= Beginning of Section =

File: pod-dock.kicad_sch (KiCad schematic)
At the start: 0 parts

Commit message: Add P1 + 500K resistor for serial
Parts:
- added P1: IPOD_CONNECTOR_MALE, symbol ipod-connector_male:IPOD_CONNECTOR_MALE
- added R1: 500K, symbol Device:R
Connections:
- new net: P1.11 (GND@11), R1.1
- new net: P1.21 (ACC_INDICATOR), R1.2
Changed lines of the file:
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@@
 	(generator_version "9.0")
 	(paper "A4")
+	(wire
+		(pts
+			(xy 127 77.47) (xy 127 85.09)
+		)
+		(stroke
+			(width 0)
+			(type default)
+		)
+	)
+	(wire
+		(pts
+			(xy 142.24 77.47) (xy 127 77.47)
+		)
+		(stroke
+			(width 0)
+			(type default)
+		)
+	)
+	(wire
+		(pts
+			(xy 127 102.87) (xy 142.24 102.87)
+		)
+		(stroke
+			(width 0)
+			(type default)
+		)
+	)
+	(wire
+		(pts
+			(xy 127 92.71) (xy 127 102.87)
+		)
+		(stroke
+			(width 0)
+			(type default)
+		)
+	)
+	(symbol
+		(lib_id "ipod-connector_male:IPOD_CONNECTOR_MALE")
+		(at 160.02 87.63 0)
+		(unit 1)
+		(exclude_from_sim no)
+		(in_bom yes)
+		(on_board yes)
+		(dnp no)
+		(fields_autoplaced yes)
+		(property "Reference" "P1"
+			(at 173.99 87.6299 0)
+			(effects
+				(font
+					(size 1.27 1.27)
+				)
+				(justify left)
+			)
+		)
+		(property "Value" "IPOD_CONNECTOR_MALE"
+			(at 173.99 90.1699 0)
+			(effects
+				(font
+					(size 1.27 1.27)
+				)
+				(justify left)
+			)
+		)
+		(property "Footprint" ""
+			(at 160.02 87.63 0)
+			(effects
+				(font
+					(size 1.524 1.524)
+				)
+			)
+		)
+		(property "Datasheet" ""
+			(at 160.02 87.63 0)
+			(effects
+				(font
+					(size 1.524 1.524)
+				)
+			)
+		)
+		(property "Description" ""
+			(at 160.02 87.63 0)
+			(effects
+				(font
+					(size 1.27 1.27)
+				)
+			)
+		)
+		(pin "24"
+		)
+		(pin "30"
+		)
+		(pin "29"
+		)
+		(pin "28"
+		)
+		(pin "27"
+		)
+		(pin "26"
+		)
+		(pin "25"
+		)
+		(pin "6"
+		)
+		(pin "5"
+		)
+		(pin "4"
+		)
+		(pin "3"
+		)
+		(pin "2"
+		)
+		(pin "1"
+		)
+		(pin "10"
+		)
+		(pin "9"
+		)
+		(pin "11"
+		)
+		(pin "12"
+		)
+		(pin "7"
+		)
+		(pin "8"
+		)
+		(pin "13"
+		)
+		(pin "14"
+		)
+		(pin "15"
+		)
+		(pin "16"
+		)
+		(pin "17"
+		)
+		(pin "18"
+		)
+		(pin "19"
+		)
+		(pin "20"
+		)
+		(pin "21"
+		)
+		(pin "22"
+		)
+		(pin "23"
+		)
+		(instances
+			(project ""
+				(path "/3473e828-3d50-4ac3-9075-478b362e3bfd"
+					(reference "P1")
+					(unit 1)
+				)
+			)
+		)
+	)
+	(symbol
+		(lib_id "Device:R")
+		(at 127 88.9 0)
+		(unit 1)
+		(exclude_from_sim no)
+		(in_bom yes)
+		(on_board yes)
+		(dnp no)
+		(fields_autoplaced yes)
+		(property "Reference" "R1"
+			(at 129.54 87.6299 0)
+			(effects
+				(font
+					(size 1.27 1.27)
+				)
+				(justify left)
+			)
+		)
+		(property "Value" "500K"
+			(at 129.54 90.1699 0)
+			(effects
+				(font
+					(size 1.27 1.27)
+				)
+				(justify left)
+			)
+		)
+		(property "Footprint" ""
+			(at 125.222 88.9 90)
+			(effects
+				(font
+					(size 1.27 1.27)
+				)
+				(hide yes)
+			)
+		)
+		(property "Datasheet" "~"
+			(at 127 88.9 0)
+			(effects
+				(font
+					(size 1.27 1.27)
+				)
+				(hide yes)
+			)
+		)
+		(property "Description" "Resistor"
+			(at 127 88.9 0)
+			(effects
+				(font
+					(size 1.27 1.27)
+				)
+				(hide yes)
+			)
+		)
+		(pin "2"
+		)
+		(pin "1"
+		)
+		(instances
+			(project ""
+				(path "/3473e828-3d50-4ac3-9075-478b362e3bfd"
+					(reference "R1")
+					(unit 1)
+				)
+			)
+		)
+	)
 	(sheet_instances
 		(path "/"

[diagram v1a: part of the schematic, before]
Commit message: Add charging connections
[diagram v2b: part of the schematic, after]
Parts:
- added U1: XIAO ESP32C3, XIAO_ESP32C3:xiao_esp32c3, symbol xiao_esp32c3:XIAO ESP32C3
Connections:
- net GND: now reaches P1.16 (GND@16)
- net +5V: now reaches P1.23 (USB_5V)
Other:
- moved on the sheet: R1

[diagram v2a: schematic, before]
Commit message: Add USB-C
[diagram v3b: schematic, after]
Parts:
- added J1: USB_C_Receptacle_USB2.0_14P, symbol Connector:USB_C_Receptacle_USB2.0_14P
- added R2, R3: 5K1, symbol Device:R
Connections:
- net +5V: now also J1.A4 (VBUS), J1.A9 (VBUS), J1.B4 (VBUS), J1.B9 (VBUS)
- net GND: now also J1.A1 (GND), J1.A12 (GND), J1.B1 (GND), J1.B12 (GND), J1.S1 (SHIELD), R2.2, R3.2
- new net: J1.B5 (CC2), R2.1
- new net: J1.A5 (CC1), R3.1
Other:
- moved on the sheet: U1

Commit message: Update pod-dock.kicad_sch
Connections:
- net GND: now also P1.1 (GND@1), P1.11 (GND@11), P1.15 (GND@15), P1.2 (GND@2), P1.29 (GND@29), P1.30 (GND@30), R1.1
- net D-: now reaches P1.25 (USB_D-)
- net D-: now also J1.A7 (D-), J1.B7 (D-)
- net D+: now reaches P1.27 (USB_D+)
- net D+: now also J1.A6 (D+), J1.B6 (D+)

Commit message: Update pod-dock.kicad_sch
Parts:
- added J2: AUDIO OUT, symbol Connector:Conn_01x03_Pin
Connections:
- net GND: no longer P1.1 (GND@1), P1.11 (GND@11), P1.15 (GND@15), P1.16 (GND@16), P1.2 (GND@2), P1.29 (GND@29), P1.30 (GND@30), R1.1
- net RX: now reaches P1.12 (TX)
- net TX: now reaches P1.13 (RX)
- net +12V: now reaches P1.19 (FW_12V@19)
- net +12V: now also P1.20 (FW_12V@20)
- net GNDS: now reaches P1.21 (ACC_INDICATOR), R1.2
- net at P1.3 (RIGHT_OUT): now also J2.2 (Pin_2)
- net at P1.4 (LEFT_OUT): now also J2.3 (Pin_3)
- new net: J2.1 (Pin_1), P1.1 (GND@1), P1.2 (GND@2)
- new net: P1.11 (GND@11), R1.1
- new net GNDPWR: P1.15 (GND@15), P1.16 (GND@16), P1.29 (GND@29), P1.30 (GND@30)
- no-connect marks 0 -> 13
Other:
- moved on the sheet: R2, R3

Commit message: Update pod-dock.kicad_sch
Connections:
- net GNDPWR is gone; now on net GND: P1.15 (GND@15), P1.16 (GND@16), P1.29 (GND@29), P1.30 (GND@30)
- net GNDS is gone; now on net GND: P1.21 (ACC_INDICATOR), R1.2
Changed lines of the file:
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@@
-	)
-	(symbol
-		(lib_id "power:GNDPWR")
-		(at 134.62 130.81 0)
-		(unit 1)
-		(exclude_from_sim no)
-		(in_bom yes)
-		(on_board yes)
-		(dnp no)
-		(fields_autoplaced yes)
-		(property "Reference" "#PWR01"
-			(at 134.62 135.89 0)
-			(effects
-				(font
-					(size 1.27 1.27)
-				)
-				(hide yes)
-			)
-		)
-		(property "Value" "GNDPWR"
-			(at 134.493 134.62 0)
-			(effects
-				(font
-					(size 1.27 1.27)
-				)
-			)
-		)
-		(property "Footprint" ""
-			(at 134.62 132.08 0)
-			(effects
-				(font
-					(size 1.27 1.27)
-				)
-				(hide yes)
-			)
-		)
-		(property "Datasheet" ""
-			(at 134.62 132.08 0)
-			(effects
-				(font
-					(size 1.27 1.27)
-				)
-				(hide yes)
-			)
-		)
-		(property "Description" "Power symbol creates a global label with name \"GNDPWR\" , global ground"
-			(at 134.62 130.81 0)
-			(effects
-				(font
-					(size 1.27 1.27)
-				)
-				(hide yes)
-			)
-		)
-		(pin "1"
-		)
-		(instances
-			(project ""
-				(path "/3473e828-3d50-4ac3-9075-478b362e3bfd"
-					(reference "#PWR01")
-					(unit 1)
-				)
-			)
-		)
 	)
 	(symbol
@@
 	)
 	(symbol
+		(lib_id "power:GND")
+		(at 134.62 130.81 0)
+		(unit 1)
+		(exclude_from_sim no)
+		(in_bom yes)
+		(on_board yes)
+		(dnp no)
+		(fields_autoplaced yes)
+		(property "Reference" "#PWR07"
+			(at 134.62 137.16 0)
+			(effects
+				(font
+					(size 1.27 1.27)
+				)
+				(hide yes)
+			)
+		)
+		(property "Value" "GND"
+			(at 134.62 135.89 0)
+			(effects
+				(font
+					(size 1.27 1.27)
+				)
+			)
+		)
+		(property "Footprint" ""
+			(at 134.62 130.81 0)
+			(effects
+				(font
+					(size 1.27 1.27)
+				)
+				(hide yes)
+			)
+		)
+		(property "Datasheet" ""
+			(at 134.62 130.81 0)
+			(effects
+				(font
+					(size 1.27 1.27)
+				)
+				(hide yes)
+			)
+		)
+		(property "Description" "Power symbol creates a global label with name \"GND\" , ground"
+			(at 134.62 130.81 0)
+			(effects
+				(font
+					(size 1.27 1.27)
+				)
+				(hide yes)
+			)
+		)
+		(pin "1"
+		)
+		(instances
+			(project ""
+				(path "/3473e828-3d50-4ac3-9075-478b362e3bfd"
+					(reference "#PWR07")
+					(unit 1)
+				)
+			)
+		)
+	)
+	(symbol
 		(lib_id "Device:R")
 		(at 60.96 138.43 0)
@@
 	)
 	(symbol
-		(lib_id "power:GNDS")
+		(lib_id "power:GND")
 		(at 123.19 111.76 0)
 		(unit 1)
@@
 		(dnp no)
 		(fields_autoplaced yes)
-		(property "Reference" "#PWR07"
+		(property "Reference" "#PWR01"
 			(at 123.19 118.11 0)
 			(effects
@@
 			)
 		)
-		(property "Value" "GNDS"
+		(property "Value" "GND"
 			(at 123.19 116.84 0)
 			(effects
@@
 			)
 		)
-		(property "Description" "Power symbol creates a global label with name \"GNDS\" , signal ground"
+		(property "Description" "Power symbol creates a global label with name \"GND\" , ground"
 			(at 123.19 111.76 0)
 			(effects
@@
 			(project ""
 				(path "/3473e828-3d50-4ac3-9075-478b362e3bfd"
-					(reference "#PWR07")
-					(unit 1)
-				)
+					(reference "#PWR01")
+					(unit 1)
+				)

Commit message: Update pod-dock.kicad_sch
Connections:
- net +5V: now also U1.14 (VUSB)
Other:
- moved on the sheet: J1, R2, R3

= End of Section =

Every line above that includes the word "GNDPWR" should be listed.

- new net GNDPWR: P1.15 (GND@15), P1.16 (GND@16), P1.29 (GND@29), P1.30 (GND@30)
- net GNDPWR is gone; now on net GND: P1.15 (GND@15), P1.16 (GND@16), P1.29 (GND@29), P1.30 (GND@30)
-		(lib_id "power:GNDPWR")
-		(property "Value" "GNDPWR"
-		(property "Description" "Power symbol creates a global label with name \"GNDPWR\" , global ground"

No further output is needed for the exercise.